According to the report, “the clinical pipeline for addiction therapeutics increased 34%” in the last five years. “The addiction pipeline now consists of 39 clinical-stage drug programs vs. 29 five years ago. However, the majority of drug programs (77%) target previously approved pathways. There are only eight drug programs with novel chemical entities specific to treating Opioid Use Disorder.”

Another notable factoid: “Venture investment into companies with novel addiction drug programs over the last 10 years is estimated at $130 million, 270 times less than oncology.”

Panelists see a need

The panel’s response to the report was unified: There was no doubt about the need and the complexities of the situation. Yet, most importantly, the panelists agreed that it is imperative for industry, science, business, regulatory agencies, and everyone in between, to collaborate closely to meet the need.

“Because of progress in neuroscience, we know that chronic pain is a disease itself of the nervous system and brain,” said panel moderator Steinberg. “The number of Americans who are living with chronic pain is staggering. The CDC and the National Center for Health Statistics have found that there are 50 million Americans, or 20% of the American adult population, living with chronic pain. Yet, there is a dearth of effective options, particularly for severe pain and especially since opioids have largely been removed from the table.”

Real experience backs up the numbers, according to panelist Hernan Bazan, MD, CEO and Co-Founder of South Rampart Pharma. “This is the problem that I see clinically every day as a practicing physician and surgeon,” he said. “This is not some theoretical issue, it’s not a market report, it’s not an issue of looking at returns and so on. It’s a real problem.” 

A major issue with pain is that no two kinds of pain are created alike, panelists noted. Chronic pain is different from acute pain. Long-term pain is different from short-term pain.

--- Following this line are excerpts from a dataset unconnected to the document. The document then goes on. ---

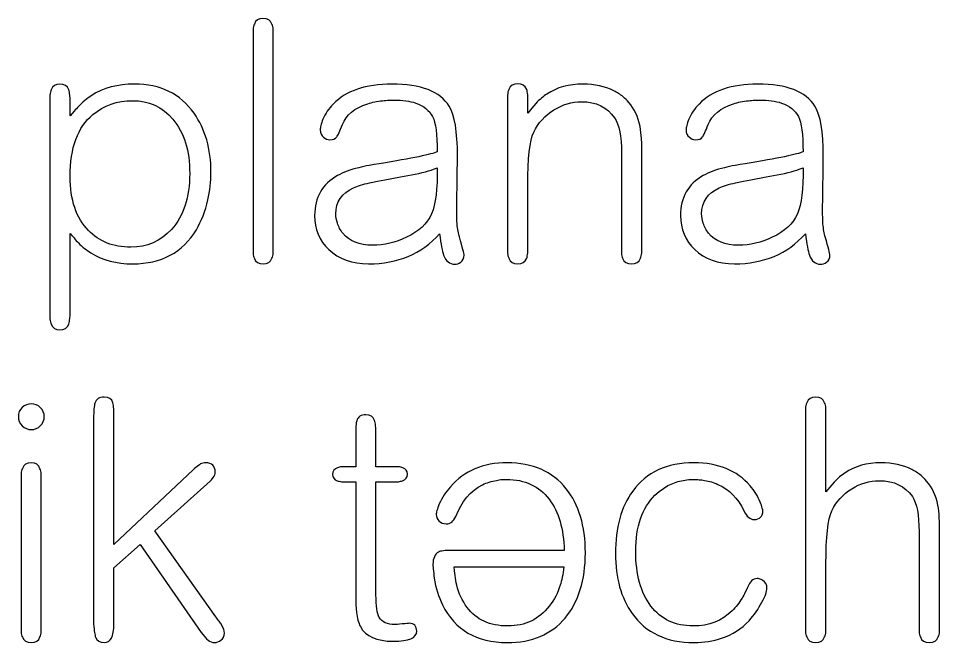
# Model space of a CAD drawing. Header units: centimetres. Extents: x -18.6 to 18.8, y -13 to 11.8.
# Drawn here: x 8.199 to 9.447, y 6.243 to 7.088 of the extents above; entities that cross this region are included whole.
import ezdxf

# ---------------------------------------------------------------- set-up
doc = ezdxf.new("R2010")
doc.units = ezdxf.units.CM
doc.header["$MEASUREMENT"] = 0
doc.layers.add('Layer 1', color=7, linetype='Continuous')

msp = doc.modelspace()

# ---------------------------------------------------------------- linework, layer by layer
at = {"layer": 'Layer 1', "color": 250}
for points, knots in [([(8.54447, 6.77026), (8.54417, 6.76726), (8.54357, 6.76487), (8.54267, 6.76307), (8.54088, 6.75799), (8.53699, 6.75544), (8.531, 6.75544), (8.52472, 6.75544), (8.52068, 6.75784), (8.51889, 6.76263), (8.51799, 6.76472), (8.51739, 6.76711), (8.51709, 6.76981), (8.51709, 6.76981), (8.51709, 7.07279), (8.51709, 7.07279), (8.51739, 7.07578), (8.51799, 7.07817), (8.51889, 7.07997), (8.52068, 7.08506), (8.52457, 7.0876), (8.53056, 7.0876), (8.53684, 7.0876), (8.54088, 7.08506), (8.54267, 7.07997), (8.54357, 7.07817), (8.54417, 7.07578), (8.54447, 7.07279), (8.54447, 7.07279), (8.54447, 6.77026), (8.54447, 6.77026)], [0, 0, 0, 0, 0.1, 0.1, 0.1, 0.2, 0.2, 0.2, 0.3, 0.3, 0.3, 0.4, 0.4, 0.4, 0.5, 0.5, 0.5, 0.6, 0.6, 0.6, 0.7, 0.7, 0.7, 0.8, 0.8, 0.8, 0.9, 0.9, 0.9, 1, 1, 1, 1]), ([(8.26932, 6.68901), (8.26932, 6.68572), (8.26917, 6.68318), (8.26887, 6.68138), (8.26857, 6.67839), (8.26812, 6.67585), (8.26752, 6.67375), (8.26543, 6.66866), (8.26139, 6.66612), (8.2554, 6.66612), (8.24942, 6.66612), (8.24553, 6.66866), (8.24373, 6.67375), (8.24284, 6.67555), (8.24224, 6.67794), (8.24194, 6.68093), (8.24194, 6.68093), (8.24194, 6.98391), (8.24194, 6.98391), (8.24224, 6.98691), (8.24284, 6.9893), (8.24373, 6.9911), (8.24553, 6.99618), (8.24942, 6.99873), (8.2554, 6.99873), (8.26139, 6.99873), (8.26543, 6.99618), (8.26752, 6.9911), (8.26812, 6.9893), (8.26857, 6.98691), (8.26887, 6.98391), (8.26917, 6.98182), (8.26932, 6.97913), (8.26932, 6.97583), (8.26932, 6.97583), (8.26932, 6.95564), (8.26932, 6.95564), (8.26932, 6.95564), (8.27201, 6.95878), (8.27201, 6.95878), (8.27201, 6.95878), (8.2747, 6.96192), (8.2747, 6.96192), (8.2768, 6.96431), (8.27889, 6.96656), (8.28099, 6.96865), (8.28637, 6.97434), (8.29206, 6.97913), (8.29805, 6.98302), (8.3145, 6.99349), (8.33395, 6.99873), (8.3564, 6.99873), (8.39171, 6.99873), (8.41864, 6.98556), (8.43719, 6.95923), (8.45245, 6.93768), (8.46008, 6.91105), (8.46008, 6.87933), (8.46008, 6.86676), (8.45874, 6.85434), (8.45604, 6.84207), (8.45245, 6.82681), (8.44722, 6.81335), (8.44033, 6.80168), (8.42178, 6.77085), (8.39305, 6.75544), (8.35415, 6.75544), (8.33201, 6.75544), (8.31316, 6.76038), (8.2976, 6.77026), (8.29161, 6.77385), (8.28593, 6.77834), (8.28054, 6.78372), (8.27874, 6.78552), (8.2768, 6.78776), (8.2747, 6.79045), (8.2747, 6.79045), (8.27156, 6.7936), (8.27156, 6.7936), (8.27156, 6.7936), (8.26932, 6.79629), (8.26932, 6.79629), (8.26932, 6.79629), (8.26932, 6.68901), (8.26932, 6.68901)], [0, 0, 0, 0, 0.0357143, 0.0357143, 0.0357143, 0.0714286, 0.0714286, 0.0714286, 0.1071429, 0.1071429, 0.1071429, 0.1428571, 0.1428571, 0.1428571, 0.1785714, 0.1785714, 0.1785714, 0.2142857, 0.2142857, 0.2142857, 0.25, 0.25, 0.25, 0.2857143, 0.2857143, 0.2857143, 0.3214286, 0.3214286, 0.3214286, 0.3571429, 0.3571429, 0.3571429, 0.3928571, 0.3928571, 0.3928571, 0.4285714, 0.4285714, 0.4285714, 0.4642857, 0.4642857, 0.4642857, 0.5, 0.5, 0.5, 0.5357143, 0.5357143, 0.5357143, 0.5714286, 0.5714286, 0.5714286, 0.6071429, 0.6071429, 0.6071429, 0.6428571, 0.6428571, 0.6428571, 0.6785714, 0.6785714, 0.6785714, 0.7142857, 0.7142857, 0.7142857, 0.75, 0.75, 0.75, 0.7857143, 0.7857143, 0.7857143, 0.8214286, 0.8214286, 0.8214286, 0.8571429, 0.8571429, 0.8571429, 0.8928571, 0.8928571, 0.8928571, 0.9285714, 0.9285714, 0.9285714, 0.9642857, 0.9642857, 0.9642857, 1, 1, 1, 1]), ([(8.76666, 6.90716), (8.76666, 6.9308), (8.76456, 6.94666), (8.76037, 6.95474), (8.75588, 6.96312), (8.74825, 6.96925), (8.73748, 6.97314), (8.7294, 6.97583), (8.71953, 6.97718), (8.70786, 6.97718), (8.70786, 6.97718), (8.70112, 6.97718), (8.70112, 6.97718), (8.69843, 6.97688), (8.69559, 6.97658), (8.69259, 6.97628), (8.68511, 6.97539), (8.67838, 6.97404), (8.6724, 6.97224), (8.65474, 6.96656), (8.64337, 6.95713), (8.63828, 6.94396), (8.63469, 6.93499), (8.63215, 6.92945), (8.63065, 6.92736), (8.62856, 6.92466), (8.62541, 6.92332), (8.62123, 6.92332), (8.61793, 6.92332), (8.61509, 6.92451), (8.6127, 6.92691), (8.6097, 6.9293), (8.60821, 6.93259), (8.60821, 6.93678), (8.60821, 6.93828), (8.60851, 6.94022), (8.60911, 6.94262), (8.6097, 6.94531), (8.6106, 6.94815), (8.6118, 6.95115), (8.61509, 6.95863), (8.61973, 6.96551), (8.62571, 6.97179), (8.64337, 6.98975), (8.66985, 6.99873), (8.70516, 6.99873), (8.74466, 6.99873), (8.77055, 6.9887), (8.78281, 6.96865), (8.7903, 6.95668), (8.79404, 6.93439), (8.79404, 6.90177), (8.79404, 6.89788), (8.79389, 6.88546), (8.79359, 6.86452), (8.79329, 6.84357), (8.79314, 6.8313), (8.79314, 6.82771), (8.79314, 6.82083), (8.79329, 6.81484), (8.79359, 6.80976), (8.79419, 6.80227), (8.79523, 6.79629), (8.79673, 6.7918), (8.80092, 6.77744), (8.80301, 6.76921), (8.80301, 6.76711), (8.80301, 6.76322), (8.80152, 6.76008), (8.79852, 6.75769), (8.79583, 6.75589), (8.79299, 6.75499), (8.79, 6.75499), (8.78341, 6.75499), (8.77848, 6.75903), (8.77518, 6.76711), (8.77339, 6.7725), (8.77159, 6.78208), (8.7698, 6.79584), (8.74526, 6.76891), (8.71324, 6.75544), (8.67374, 6.75544), (8.6513, 6.75544), (8.63334, 6.76188), (8.61988, 6.77474), (8.60701, 6.78701), (8.60058, 6.80242), (8.60058, 6.82098), (8.60058, 6.84551), (8.6109, 6.86347), (8.63155, 6.87484), (8.63933, 6.87933), (8.6489, 6.88292), (8.66028, 6.88561), (8.66447, 6.88681), (8.66925, 6.88786), (8.67464, 6.88876), (8.67464, 6.88876), (8.68137, 6.8901), (8.68137, 6.8901), (8.68137, 6.8901), (8.68811, 6.891), (8.68811, 6.891), (8.73329, 6.89818), (8.75947, 6.90357), (8.76666, 6.90716)], [0, 0, 0, 0, 0.0285714, 0.0285714, 0.0285714, 0.0571429, 0.0571429, 0.0571429, 0.0857143, 0.0857143, 0.0857143, 0.1142857, 0.1142857, 0.1142857, 0.1428571, 0.1428571, 0.1428571, 0.1714286, 0.1714286, 0.1714286, 0.2, 0.2, 0.2, 0.2285714, 0.2285714, 0.2285714, 0.2571429, 0.2571429, 0.2571429, 0.2857143, 0.2857143, 0.2857143, 0.3142857, 0.3142857, 0.3142857, 0.3428571, 0.3428571, 0.3428571, 0.3714286, 0.3714286, 0.3714286, 0.4, 0.4, 0.4, 0.4285714, 0.4285714, 0.4285714, 0.4571429, 0.4571429, 0.4571429, 0.4857143, 0.4857143, 0.4857143, 0.5142857, 0.5142857, 0.5142857, 0.5428571, 0.5428571, 0.5428571, 0.5714286, 0.5714286, 0.5714286, 0.6, 0.6, 0.6, 0.6285714, 0.6285714, 0.6285714, 0.6571429, 0.6571429, 0.6571429, 0.6857143, 0.6857143, 0.6857143, 0.7142857, 0.7142857, 0.7142857, 0.7428571, 0.7428571, 0.7428571, 0.7714286, 0.7714286, 0.7714286, 0.8, 0.8, 0.8, 0.8285714, 0.8285714, 0.8285714, 0.8571429, 0.8571429, 0.8571429, 0.8857143, 0.8857143, 0.8857143, 0.9142857, 0.9142857, 0.9142857, 0.9428571, 0.9428571, 0.9428571, 0.9714286, 0.9714286, 0.9714286, 1, 1, 1, 1]), ([(9.0436, 6.77026), (9.0433, 6.76726), (9.0427, 6.76487), (9.04181, 6.76307), (9.04001, 6.75799), (9.03597, 6.75544), (9.02969, 6.75544), (9.0237, 6.75544), (9.01966, 6.75799), (9.01757, 6.76307), (9.01697, 6.76487), (9.01652, 6.76726), (9.01622, 6.77026), (9.01622, 6.77026), (9.01622, 6.90536), (9.01622, 6.90536), (9.01622, 6.92811), (9.01308, 6.94396), (9.0068, 6.95294), (8.99692, 6.9676), (8.98196, 6.97494), (8.96191, 6.97494), (8.94874, 6.97494), (8.93632, 6.9712), (8.92465, 6.96371), (8.91238, 6.95623), (8.90326, 6.94621), (8.89727, 6.93364), (8.89189, 6.92227), (8.88919, 6.89833), (8.88919, 6.86182), (8.88919, 6.86182), (8.88919, 6.77026), (8.88919, 6.77026), (8.88889, 6.76726), (8.88845, 6.76487), (8.88785, 6.76307), (8.88575, 6.75799), (8.88171, 6.75544), (8.87573, 6.75544), (8.86944, 6.75544), (8.8654, 6.75799), (8.86361, 6.76307), (8.86271, 6.76487), (8.86211, 6.76726), (8.86181, 6.77026), (8.86181, 6.77026), (8.86181, 6.98391), (8.86181, 6.98391), (8.86211, 6.98691), (8.86271, 6.98945), (8.86361, 6.99154), (8.8657, 6.99663), (8.86974, 6.99917), (8.87573, 6.99917), (8.88171, 6.99917), (8.88575, 6.99663), (8.88785, 6.99154), (8.88845, 6.98975), (8.88889, 6.98735), (8.88919, 6.98436), (8.88919, 6.98436), (8.88919, 6.95923), (8.88919, 6.95923), (8.88919, 6.95923), (8.89458, 6.96596), (8.89458, 6.96596), (8.89458, 6.96596), (8.90042, 6.97269), (8.90042, 6.97269), (8.9052, 6.97778), (8.91014, 6.98197), (8.91523, 6.98526), (8.92869, 6.99424), (8.945, 6.99873), (8.96415, 6.99873), (8.98001, 6.99873), (8.99393, 6.99573), (9.0059, 6.98975), (9.01039, 6.98735), (9.01458, 6.98466), (9.01847, 6.98167), (9.02116, 6.97928), (9.0237, 6.97673), (9.0261, 6.97404), (9.03358, 6.96566), (9.03866, 6.95474), (9.04136, 6.94127), (9.04226, 6.93618), (9.04285, 6.9308), (9.04315, 6.92511), (9.04315, 6.92511), (9.0436, 6.91838), (9.0436, 6.91838), (9.0436, 6.91838), (9.0436, 6.77026), (9.0436, 6.77026)], [0, 0, 0, 0, 0.03125, 0.03125, 0.03125, 0.0625, 0.0625, 0.0625, 0.09375, 0.09375, 0.09375, 0.125, 0.125, 0.125, 0.15625, 0.15625, 0.15625, 0.1875, 0.1875, 0.1875, 0.21875, 0.21875, 0.21875, 0.25, 0.25, 0.25, 0.28125, 0.28125, 0.28125, 0.3125, 0.3125, 0.3125, 0.34375, 0.34375, 0.34375, 0.375, 0.375, 0.375, 0.40625, 0.40625, 0.40625, 0.4375, 0.4375, 0.4375, 0.46875, 0.46875, 0.46875, 0.5, 0.5, 0.5, 0.53125, 0.53125, 0.53125, 0.5625, 0.5625, 0.5625, 0.59375, 0.59375, 0.59375, 0.625, 0.625, 0.625, 0.65625, 0.65625, 0.65625, 0.6875, 0.6875, 0.6875, 0.71875, 0.71875, 0.71875, 0.75, 0.75, 0.75, 0.78125, 0.78125, 0.78125, 0.8125, 0.8125, 0.8125, 0.84375, 0.84375, 0.84375, 0.875, 0.875, 0.875, 0.90625, 0.90625, 0.90625, 0.9375, 0.9375, 0.9375, 0.96875, 0.96875, 0.96875, 1, 1, 1, 1]), ([(9.2622, 6.90716), (9.2622, 6.9308), (9.2601, 6.94666), (9.25591, 6.95474), (9.25142, 6.96312), (9.24379, 6.96925), (9.23302, 6.97314), (9.22494, 6.97583), (9.21507, 6.97718), (9.2034, 6.97718), (9.2034, 6.97718), (9.19666, 6.97718), (9.19666, 6.97718), (9.19397, 6.97688), (9.19113, 6.97658), (9.18813, 6.97628), (9.18065, 6.97539), (9.17392, 6.97404), (9.16794, 6.97224), (9.15028, 6.96656), (9.13891, 6.95713), (9.13382, 6.94396), (9.13023, 6.93499), (9.12769, 6.92945), (9.12619, 6.92736), (9.1241, 6.92466), (9.12095, 6.92332), (9.11677, 6.92332), (9.11347, 6.92332), (9.11063, 6.92451), (9.10824, 6.92691), (9.10524, 6.9293), (9.10375, 6.93259), (9.10375, 6.93678), (9.10375, 6.93828), (9.10405, 6.94022), (9.10465, 6.94262), (9.10524, 6.94531), (9.10614, 6.94815), (9.10734, 6.95115), (9.11063, 6.95863), (9.11527, 6.96551), (9.12125, 6.97179), (9.13891, 6.98975), (9.16539, 6.99873), (9.2007, 6.99873), (9.2402, 6.99873), (9.26609, 6.9887), (9.27835, 6.96865), (9.28584, 6.95668), (9.28958, 6.93439), (9.28958, 6.90177), (9.28958, 6.89788), (9.28943, 6.88546), (9.28913, 6.86452), (9.28883, 6.84357), (9.28868, 6.8313), (9.28868, 6.82771), (9.28868, 6.82083), (9.28883, 6.81484), (9.28913, 6.80976), (9.28973, 6.80227), (9.29077, 6.79629), (9.29227, 6.7918), (9.29646, 6.77744), (9.29855, 6.76921), (9.29855, 6.76711), (9.29855, 6.76322), (9.29706, 6.76008), (9.29406, 6.75769), (9.29137, 6.75589), (9.28853, 6.75499), (9.28554, 6.75499), (9.27895, 6.75499), (9.27402, 6.75903), (9.27072, 6.76711), (9.26893, 6.7725), (9.26713, 6.78208), (9.26534, 6.79584), (9.2408, 6.76891), (9.20878, 6.75544), (9.16928, 6.75544), (9.14684, 6.75544), (9.12888, 6.76188), (9.11542, 6.77474), (9.10255, 6.78701), (9.09612, 6.80242), (9.09612, 6.82098), (9.09612, 6.84551), (9.10644, 6.86347), (9.12709, 6.87484), (9.13487, 6.87933), (9.14444, 6.88292), (9.15582, 6.88561), (9.16001, 6.88681), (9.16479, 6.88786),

And the psychological element of how a patient feels their pain has only relatively recently begun to be investigated in earnest.

“One of the major challenges [with developing pain medications is that relief is] a subjective endpoint. When you’re thinking about clinical trials run for chronic pain, [you have to remember that, for patients,] some days you feel better than other days,” said Emily Caporello, Program Director at the National Institutes of Health (NIH). “When you’re looking at specific endpoints for a particular time frame and couple that with the need for controls in a clinical trial study, that system doesn’t reflect real life. I think that is one of the fundamental challenges when it comes to translating from preclinical to clinical. And I think that this is where drug manufacturers, as well as regulatory bodies, as well as basic science, really need to rally together and think about the totality of evidence.”

“I think it’s going to take an all hands on deck approach,” said Bazan, “Which means incorporating academic lab innovation, especially when they’re clinically validated mechanisms of actions (things that we know should work in the clinic), as well as partnership with strategic partners and pharma, along with VC backing.”